In the above description, the power supply for the two-wire transmitter is supplied from the DC power supply 11 on the load side. However, the present invention is not limited to this, and the present invention is not limited to this. The circuit is operated by rectifying the AC power source independently of the load side, and the signal from the sensor is simply sent to the load 12 by a two-wire transmitter that transmits the current using two transmission lines. can be applied in the same way.

[0029]

[Effects of the Invention] As described above in detail using the embodiments, according to the present invention, the current signal is changed based on the setting change after the transmission of the response signal from the two-wire transmitter is completed.
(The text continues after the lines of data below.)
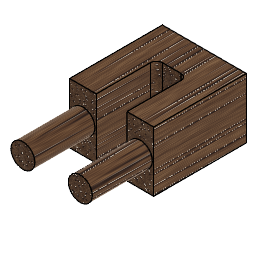
Prindere_Cadru (Autodesk Fusion 360 design; units mm, degrees)
part number: 2026-06-01-23-22-02-267
Autodesk Fusion 360 part; units mm, degrees
sketch "baza" plane through (0, 0, 0) normal (0, 0, 1) x (1, 0, 0)
  line L0 (1.275, 1.275) -> (-1.275, 1.275)
  line L1 (-1.275, 1.275) -> (-1.275, -1.275)
  line L2 (-1.275, -1.275) -> (1.275, -1.275)
  line L3 (1.275, -1.275) -> (1.275, 1.275)
  line L4 (1.275, 1.275) -> (-1.275, -1.275) construction
  line L5 (-1.275, 1.275) -> (1.275, -1.275) construction
  line L6 (3.5, 0) -> (3.5, -1.275)
  line L7 (-3.5, -1.275) -> (-3.5, 0)
  line L8 (-1.275, -1.275) -> (-3.5, -1.275)
  line L9 (1.275, -1.275) -> (3.5, -1.275)
  line L10 (3.5, 0) -> (3.5, 4)
  line L11 (3.5, 4) -> (-3.5, 4)
  line L12 (-3.5, 4) -> (-3.5, 0)
  line L13 (-1.275, -1.275) -> (-1.275, -3.725)
  line L14 (1.275, -1.275) -> (1.275, -3.725)
  line L15 (1.275, -3.725) -> (3.5, -3.725)
  line L16 (3.5, -3.725) -> (3.5, -1.275)
  line L17 (-3.5, -1.275) -> (-3.5, -3.725)
  line L18 (-3.5, -3.725) -> (-1.275, -3.725)
  line L19 (-1.275, 0.775) -> (1.275, 0.775)
  dimension "d1" = 2.55
  dimension "d4" = 7
  dimension "d11" = 7
  dimension "d12" = 4
  dimension "d16" = 1.275
  dimension "d17" = 2.45
  dimension "d18" = 0.5
  constraint horizontal L0
  constraint perpendicular L0 L1
  constraint parallel L0 L2
  constraint parallel L1 L3
  constraint coincident L4 origin
  constraint coincident L5 origin
  constraint vertical L6
  constraint vertical L7
  constraint perpendicular L7 L8
  constraint perpendicular L6 L9
  constraint vertical L10
  constraint horizontal L11
  constraint vertical L12
  constraint perpendicular L2 L13
  constraint perpendicular L2 L14
  constraint perpendicular L6 L15
  constraint perpendicular L9 L16
  constraint perpendicular L8 L17
  constraint perpendicular L13 L18
  constraint coincident L1 L19.start
  constraint coincident L3 L19.end
  constraint perpendicular L3 L19
  measures "d1" distance of L1.end L2.end
  measures "d4" distance of L7.end L6.start
  measures "d11" distance of L7.end L6.start
  measures "d12" distance of L7.end L11.end
  measures "d16" distance of L2 origin
  measures "d17" distance of L1.end L13.end
  measures "d18" distance of L0 L19
extrude "Extrude1" add sketch "baza" along normal blind 5 contours L0 L1 L3 L6 L7 L8 L9 L10 L11 L12 | L9 L14 L15 L16 | L8 L13 L17 L18
sketch "dinti" plane through (0, -3.725, 0) normal (0, -1, 0) x (1, 0, 0)
  line L0 (-3.5, 0) -> (-1.275, 0)
  line L1 (-1.275, 0) -> (-1.275, 5)
  line L2 (-1.275, 5) -> (-3.5, 5)
  line L3 (-3.5, 5) -> (-3.5, 0)
  line L4 (-2.3875, 5) -> (-2.3875, 0) construction
  circle A0 centre (-2.3875, 2.5) radius 1
  line L5 (-1.275, 0) -> (1.275, 0) construction
  line L6 (1.275, 0) -> (1.275, 5) construction
  line L7 (1.275, 5) -> (-1.275, 5) construction
  line L8 (-1.275, 5) -> (-1.275, 0) construction
  line L9 (0, 5) -> (0, 0) construction
  circle A1 centre (2.3875, 2.5) radius 1
  line L10 (-3.5, 0) -> (-1.275, 0)
  line L11 (-1.275, 0) -> (-1.275, 5)
  line L12 (-1.275, 5) -> (-3.5, 5)
  line L13 (-3.5, 5) -> (-3.5, 0)
  dimension "d8" = 2
  constraint midpoint L2 L4.start
  constraint midpoint L0 L4.end
  constraint midpoint L4 A0.centre
  constraint midpoint L7 L9.start
  constraint coincident L9.end origin
  constraint symmetric A0 L9 A1
  measures "d8" diameter of A0
extrude "Extrude2" add sketch "dinti" along normal blind 5 contours A0 | A1
fillet "Fillet1" radius 0.5 2 edges at (1.275, 1.275, 2.5) (-1.275, 1.275, 2.5)
equation "d17 = 3.725 mm - 1.275 mm"
named bodies: "Prindere"
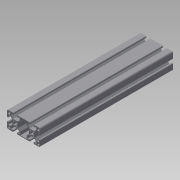
# Autodesk Inventor part: 1530-ULS
Saved by Autodesk Inventor 2013 (Build 170138000, 138)
## iProperties
Created: 2014-04-23
Part Number: 1530-ULS
Material: Generic
Document SubType Name: Modeling
Density: 1 g/cm^3
Vendor: 80/20 Inc.
Engineer: Ross Bowman
Designer: Ross Bowman
Catalog Web Link: 8020.net
Company: 80/20 Inc.
Author: Ross Bowman
Keywords: 80/20 , 8020 , T-Slot , Extrusion
Material: 6105-T5 Aluminum
Autodesk Inventor part; units mm, degrees
ref_plane "YZ Plane" through (0, 0, 0) normal (1, 0, 0) x (0, 1, 0)
ref_plane "XZ Plane" through (0, 0, 0) normal (0, 1, 0) x (-1, 0, 0)
ref_plane "XY Plane" through (0, 0, 0) normal (0, 0, 1) x (1, 0, 0)
sketch "Sketch1" plane through (0, 0, 0) normal (0, 0, 1) x (1, 0, 0)
  arc A0 (30.9118, 12.2428) -> (31.2928, 11.8618) centre (31.2928, 12.2428) ccw
  line L0 (30.9118, 16.8656) -> (30.9118, 12.2428)
  arc A1 (31.2928, 17.2466) -> (30.9118, 16.8656) centre (31.2928, 16.8656) ccw
  line L1 (33.5026, 17.2466) -> (31.2928, 17.2466)
  arc A2 (36.2966, 14.4526) -> (33.5026, 17.2466) centre (33.5026, 14.4526) ccw
  line L2 (36.2966, 12.2428) -> (36.2966, 14.4526)
  arc A3 (35.9156, 11.8618) -> (36.2966, 12.2428) centre (35.9156, 12.2428) ccw
  line L3 (31.2928, 11.8618) -> (35.9156, 11.8618)
  arc A4 (22.1619, -1.178) -> (22.1619, 1.178) centre (19.05, 0) ccw
  arc A5 (22.1619, -1.178) -> (22.2488, -1.5823) centre (22.5182, -1.3129) ccw
  line L4 (23.9585, -3.2921) -> (22.2488, -1.5823)
  arc A6 (24.2189, -3.9207) -> (23.9585, -3.2921) centre (23.3299, -3.9207) ccw
  line L5 (24.2189, -4.9149) -> (24.2189, -3.9207)
  arc A7 (23.9649, -5.1689) -> (24.2189, -4.9149) centre (23.9649, -4.9149) ccw
  line L6 (22.9707, -5.1689) -> (23.9649, -5.1689)
  arc A8 (22.3421, -4.9085) -> (22.9707, -5.1689) centre (22.9707, -4.2799) ccw
  line L7 (20.6323, -3.1988) -> (22.3421, -4.9085)
  arc A9 (20.6323, -3.1988) -> (20.228, -3.1119) centre (20.3629, -3.4682) ccw
  arc A10 (17.872, -3.1119) -> (20.228, -3.1119) centre (19.05, 0) ccw
  arc A11 (17.872, -3.1119) -> (17.4677, -3.1988) centre (17.7371, -3.4682) ccw
  line L8 (15.7579, -4.9085) -> (17.4677, -3.1988)
  arc A12 (15.1293, -5.1689) -> (15.7579, -4.9085) centre (15.1293, -4.2799) ccw
  line L9 (14.1351, -5.1689) -> (15.1293, -5.1689)
  arc A13 (13.8811, -4.9149) -> (14.1351, -5.1689) centre (14.1351, -4.9149) ccw
  line L10 (13.8811, -3.9207) -> (13.8811, -4.9149)
  arc A14 (14.1415, -3.2921) -> (13.8811, -3.9207) centre (14.7701, -3.9207) ccw
  line L11 (15.8512, -1.5823) -> (14.1415, -3.2921)
  arc A15 (15.8512, -1.5823) -> (15.9381, -1.178) centre (15.5818, -1.3129) ccw
  arc A16 (15.9381, 1.178) -> (15.9381, -1.178) centre (19.05, 0) ccw
  arc A17 (15.9381, 1.178) -> (15.8512, 1.5823) centre (15.5818, 1.3129) ccw
  line L12 (14.1415, 3.2921) -> (15.8512, 1.5823)
  arc A18 (13.8811, 3.9207) -> (14.1415, 3.2921) centre (14.7701, 3.9207) ccw
  line L13 (13.8811, 4.9149) -> (13.8811, 3.9207)
  arc A19 (14.1351, 5.1689) -> (13.8811, 4.9149) centre (14.1351, 4.9149) ccw
  line L14 (15.1293, 5.1689) -> (14.1351, 5.1689)
  arc A20 (15.7579, 4.9085) -> (15.1293, 5.1689) centre (15.1293, 4.2799) ccw
  line L15 (17.4677, 3.1988) -> (15.7579, 4.9085)
  arc A21 (17.4677, 3.1988) -> (17.872, 3.1119) centre (17.7371, 3.4682) ccw
  arc A22 (20.228, 3.1119) -> (17.872, 3.1119) centre (19.05, 0) ccw
  arc A23 (20.228, 3.1119) -> (20.6323, 3.1988) centre (20.3629, 3.4682) ccw
  line L16 (22.3421, 4.9085) -> (20.6323, 3.1988)
  arc A24 (22.9707, 5.1689) -> (22.3421, 4.9085) centre (22.9707, 4.2799) ccw
  line L17 (23.9649, 5.1689) -> (22.9707, 5.1689)
  arc A25 (24.2189, 4.9149) -> (23.9649, 5.1689) centre (23.9649, 4.9149) ccw
  line L18 (24.2189, 3.9207) -> (24.2189, 4.9149)
  arc A26 (23.9585, 3.2921) -> (24.2189, 3.9207) centre (23.3299, 3.9207) ccw
  line L19 (22.2488, 1.5823) -> (23.9585, 3.2921)
  arc A27 (22.2488, 1.5823) -> (22.1619, 1.178) centre (22.5182, 1.3129) ccw
  arc A28 (-30.9118, -12.2428) -> (-31.2928, -11.8618) centre (-31.2928, -12.2428) ccw
  line L20 (-30.9118, -16.8656) -> (-30.9118, -12.2428)
  arc A29 (-31.2928, -17.2466) -> (-30.9118, -16.8656) centre (-31.2928, -16.8656) ccw
  line L21 (-33.5026, -17.2466) -> (-31.2928, -17.2466)
  arc A30 (-36.2966, -14.4526) -> (-33.5026, -17.2466) centre (-33.5026, -14.4526) ccw
  line L22 (-36.2966, -12.2428) -> (-36.2966, -14.4526)
  arc A31 (-35.9156, -11.8618) -> (-36.2966, -12.2428) centre (-35.9156, -12.2428) ccw
  line L23 (-31.2928, -11.8618) -> (-35.9156, -11.8618)
  arc A32 (-30.9118, 16.8656) -> (-31.2928, 17.2466) centre (-31.2928, 16.8656) ccw
  line L24 (-30.9118, 12.2428) -> (-30.9118, 16.8656)
  arc A33 (-31.2928, 11.8618) -> (-30.9118, 12.2428) centre (-31.2928, 12.2428) ccw
  line L25 (-35.9156, 11.8618) -> (-31.2928, 11.8618)
  arc A34 (-36.2966, 12.2428) -> (-35.9156, 11.8618) centre (-35.9156, 12.2428) ccw
  line L26 (-36.2966, 14.4526) -> (-36.2966, 12.2428)
  arc A35 (-33.5026, 17.2466) -> (-36.2966, 14.4526) centre (-33.5026, 14.4526) ccw
  line L27 (-31.2928, 17.2466) -> (-33.5026, 17.2466)
  arc A36 (-15.9381, -1.178) -> (-15.9381, 1.178) centre (-19.05, 0) ccw
  arc A37 (-15.9381, -1.178) -> (-15.8512, -1.5823) centre (-15.5818, -1.3129) ccw
  line L28 (-14.1415, -3.2921) -> (-15.8512, -1.5823)
  arc A38 (-13.8811, -3.9207) -> (-14.1415, -3.2921) centre (-14.7701, -3.9207) ccw
  line L29 (-13.8811, -4.9149) -> (-13.8811, -3.9207)
  arc A39 (-14.1351, -5.1689) -> (-13.8811, -4.9149) centre (-14.1351, -4.9149) ccw
  line L30 (-15.1293, -5.1689) -> (-14.1351, -5.1689)
  arc A40 (-15.7579, -4.9085) -> (-15.1293, -5.1689) centre (-15.1293, -4.2799) ccw
  line L31 (-17.4677, -3.1988) -> (-15.7579, -4.9085)
  arc A41 (-17.4677, -3.1988) -> (-17.872, -3.1119) centre (-17.7371, -3.4682) ccw
  arc A42 (-20.228, -3.1119) -> (-17.872, -3.1119) centre (-19.05, 0) ccw
  arc A43 (-20.228, -3.1119) -> (-20.6323, -3.1988) centre (-20.3629, -3.4682) ccw
  line L32 (-22.3421, -4.9085) -> (-20.6323, -3.1988)
  arc A44 (-22.9707, -5.1689) -> (-22.3421, -4.9085) centre (-22.9707, -4.2799) ccw
  line L33 (-23.9649, -5.1689) -> (-22.9707, -5.1689)
  arc A45 (-24.2189, -4.9149) -> (-23.9649, -5.1689) centre (-23.9649, -4.9149) ccw
  line L34 (-24.2189, -3.9207) -> (-24.2189, -4.9149)
  arc A46 (-23.9585, -3.2921) -> (-24.2189, -3.9207) centre (-23.3299, -3.9207) ccw
  line L35 (-22.2488, -1.5823) -> (-23.9585, -3.2921)
  arc A47 (-22.2488, -1.5823) -> (-22.1619, -1.178) centre (-22.5182, -1.3129) ccw
  arc A48 (-22.1619, 1.178) -> (-22.1619, -1.178) centre (-19.05, 0) ccw
  arc A49 (-22.1619, 1.178) -> (-22.2488, 1.5823) centre (-22.5182, 1.3129) ccw
  line L36 (-23.9585, 3.2921) -> (-22.2488, 1.5823)
  arc A50 (-24.2189, 3.9207) -> (-23.9585, 3.2921) centre (-23.3299, 3.9207) ccw
  line L37 (-24.2189, 4.9149) -> (-24.2189, 3.9207)
  arc A51 (-23.9649, 5.1689) -> (-24.2189, 4.9149) centre (-23.9649, 4.9149) ccw
  line L38 (-22.9707, 5.1689) -> (-23.9649, 5.1689)
  arc A52 (-22.3421, 4.9085) -> (-22.9707, 5.1689) centre (-22.9707, 4.2799) ccw
  line L39 (-20.6323, 3.1988) -> (-22.3421, 4.9085)
  arc A53 (-20.6323, 3.1988) -> (-20.228, 3.1119) centre (-20.3629, 3.4682) ccw
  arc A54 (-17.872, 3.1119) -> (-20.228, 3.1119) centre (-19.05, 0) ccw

As a result, the current is not changed during the transmission of the response signal, and the reception of the digital signal at the handheld terminal is ensured.

[Brief explanation of the drawing]

FIG. 1 is a block diagram showing the configuration of one embodiment of the present invention.

FIG. 2 is a flowchart explaining the operation of the two-wire transmitter shown in FIG. 1;

FIG. 3 is a waveform diagram showing communication waveforms on the transmission line of the two-wire transmitter shown in FIG. 1;

FIG. 4 is a block diagram showing the configuration of a conventional two-wire transmitter.

FIG. 5 is a flowchart explaining the operation of the two-wire transmitter shown in FIG. 4;

FIG. 6 is a waveform diagram showing communication waveforms on the transmission line of the two-wire transmitter shown in FIG. 4;

[Explanation of symbols]

10, 14 2-wire transmitter 11 DC power supply 12 Load 13 Handheld terminal IFC1, IFC2 Interface μP1, μP
2 Microprocessor MEM1, MEM2 Memory

Claims (1)

[Claims] Claim 1: A physical quantity to be measured by a sensor is converted into an electrical signal, which is processed by a signal calculation means including a microprocessor, and transmitted as a current signal to the load side via two transmission lines, as required. In a two-wire transmitter that performs digital communication by connecting a handheld terminal to the transmission line and superimposing a digital communication signal, the transmitter receives the digital signal sent from the handheld terminal and changes settings. an interface that sends the contents to the microprocessor, and a response signal that sends a response signal to the transmission line via the interface after confirming that the digital signal necessary for changing the settings has been taken in from this interface. a communication processing means for confirming that sending of the response signal is completed, a confirmation means for confirming that sending of the response signal is completed, and a setting change means for changing the setting based on a confirmation notification from the confirmation means, and configured to correspond to the setting change. A two-wire transmitter, characterized in that it transmits the current signal.